___ Records shown ___

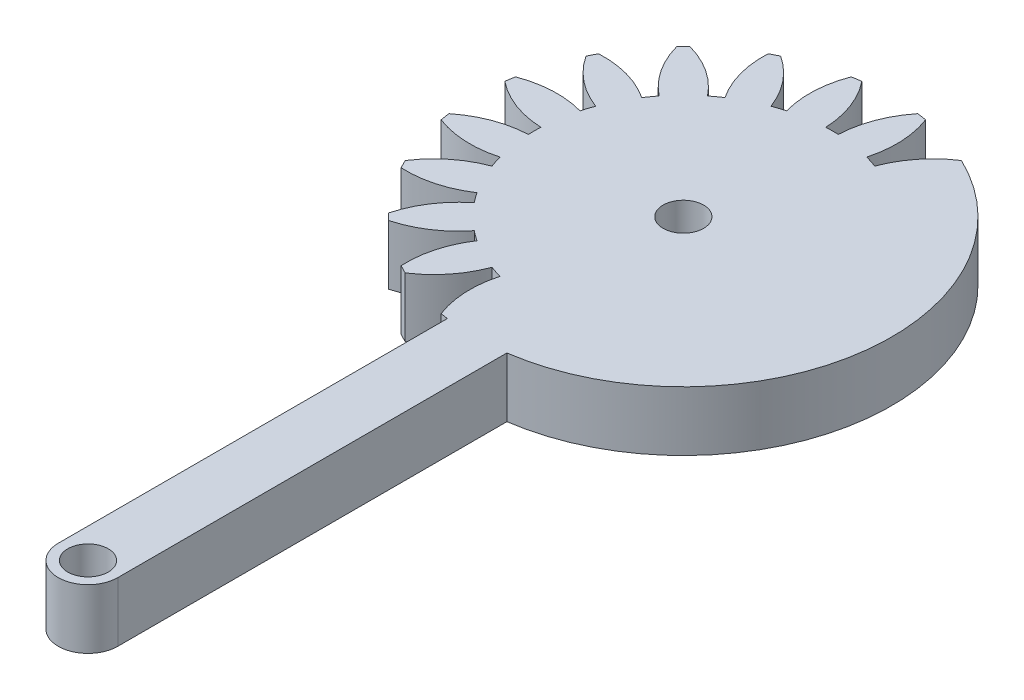
from build123d import *

# Parameters (mm, degrees)
SKETCH1_R           = 22.225
SKETCH1_R_2         = 2.159
BOSS_EXTRUDE1_DEPTH = 6.35
CUT_EXTRUDE1_DEPTH  = 33.065928179
CIRPATTERN1_COUNT   = 20
BOSS_EXTRUDE2_START = -6.35
SKETCH3_R           = 2.159
BOSS_EXTRUDE2_DEPTH = 6.35


with BuildPart() as part:
    # Sketch1 → Boss-Extrude1 (new body)
    with BuildSketch(Plane(origin=(0, 0, 0), x_dir=(1, 0, 0), z_dir=(0, 1, 0))):
        with Locations(Location((0, 0, 0), (0, 0, 270))):
            Circle(SKETCH1_R)
        with Locations(Location((0, 0, 0), (0, 0, 270))):
            Circle(SKETCH1_R_2, mode=Mode.SUBTRACT)
    extrude(amount=BOSS_EXTRUDE1_DEPTH)

    # Sketch2 → Cut-Extrude1 (cut, through all)
    with BuildSketch(Plane(origin=(0, 6.35, 0), x_dir=(1, 0, 0), z_dir=(0, 1, 0))):
        with BuildLine():
            ThreePointArc((0.664641226, 15.861080576), (0, 15.875), (-0.664641226, 15.861080576))
            ThreePointArc((-0.664641226, 15.861080576), (-1.329908729, 19.128362584), (-2.983334333, 22.023858455))
            ThreePointArc((-2.983334333, 22.023858455), (0, 22.225), (2.983334333, 22.023858455))
            ThreePointArc((2.983334333, 22.023858455), (1.329908729, 19.128362584), (0.664641226, 15.861080576))
        make_face()
    cut_extrude1 = extrude(amount=-CUT_EXTRUDE1_DEPTH, mode=Mode.SUBTRACT)

    # CirPattern1: Cut-Extrude1 ×20 about axis
    cirpattern1_axis = Axis((0, 0, 0), (0, 1, 0))
    for i in range(1, CIRPATTERN1_COUNT):
        add(cut_extrude1.rotate(cirpattern1_axis, i * 360 / CIRPATTERN1_COUNT), mode=Mode.SUBTRACT)

    # Sketch3 → Boss-Extrude2 (add)
    with BuildSketch(Plane(origin=(0, 6.35, 0), x_dir=(1, 0, 0), z_dir=(0, 1, 0)).offset(BOSS_EXTRUDE2_START)):
        with BuildLine():
            Line((3.175, -21.997045256), (3.175, -63.5))
            ThreePointArc((3.175, -63.5), (0, -66.675), (-3.175, -63.5))
            Line((-3.175, -63.5), (-3.175, 4.58754015))
            Line((-3.175, 4.58754015), (10.089938857, 19.80262))
            ThreePointArc((10.089938857, 19.80262), (21.926984622, -3.62739168), (3.175, -21.997045256))
        make_face()
        with Locations(Location((0, -63.5, 0), (0, 0, 270))):
            Circle(SKETCH3_R, mode=Mode.SUBTRACT)
        with Locations(Location((0, 0, 0), (0, 0, 270))):
            Circle(SKETCH3_R, mode=Mode.SUBTRACT)
    extrude(amount=BOSS_EXTRUDE2_DEPTH)


solid = part.part

___

The problem: Everything starting at the line containing "extrude(amount=BOSS_EXTRUDE1_DEPTH)" and ending at the line containing "22.225), (2.983334333, 22.023858455))" in the records above should be repeated exactly, and only that.

Reply:
    extrude(amount=BOSS_EXTRUDE1_DEPTH)

    # Sketch2 → Cut-Extrude1 (cut, through all)
    with BuildSketch(Plane(origin=(0, 6.35, 0), x_dir=(1, 0, 0), z_dir=(0, 1, 0))):
        with BuildLine():
            ThreePointArc((0.664641226, 15.861080576), (0, 15.875), (-0.664641226, 15.861080576))
            ThreePointArc((-0.664641226, 15.861080576), (-1.329908729, 19.128362584), (-2.983334333, 22.023858455))
            ThreePointArc((-2.983334333, 22.023858455), (0, 22.225), (2.983334333, 22.023858455))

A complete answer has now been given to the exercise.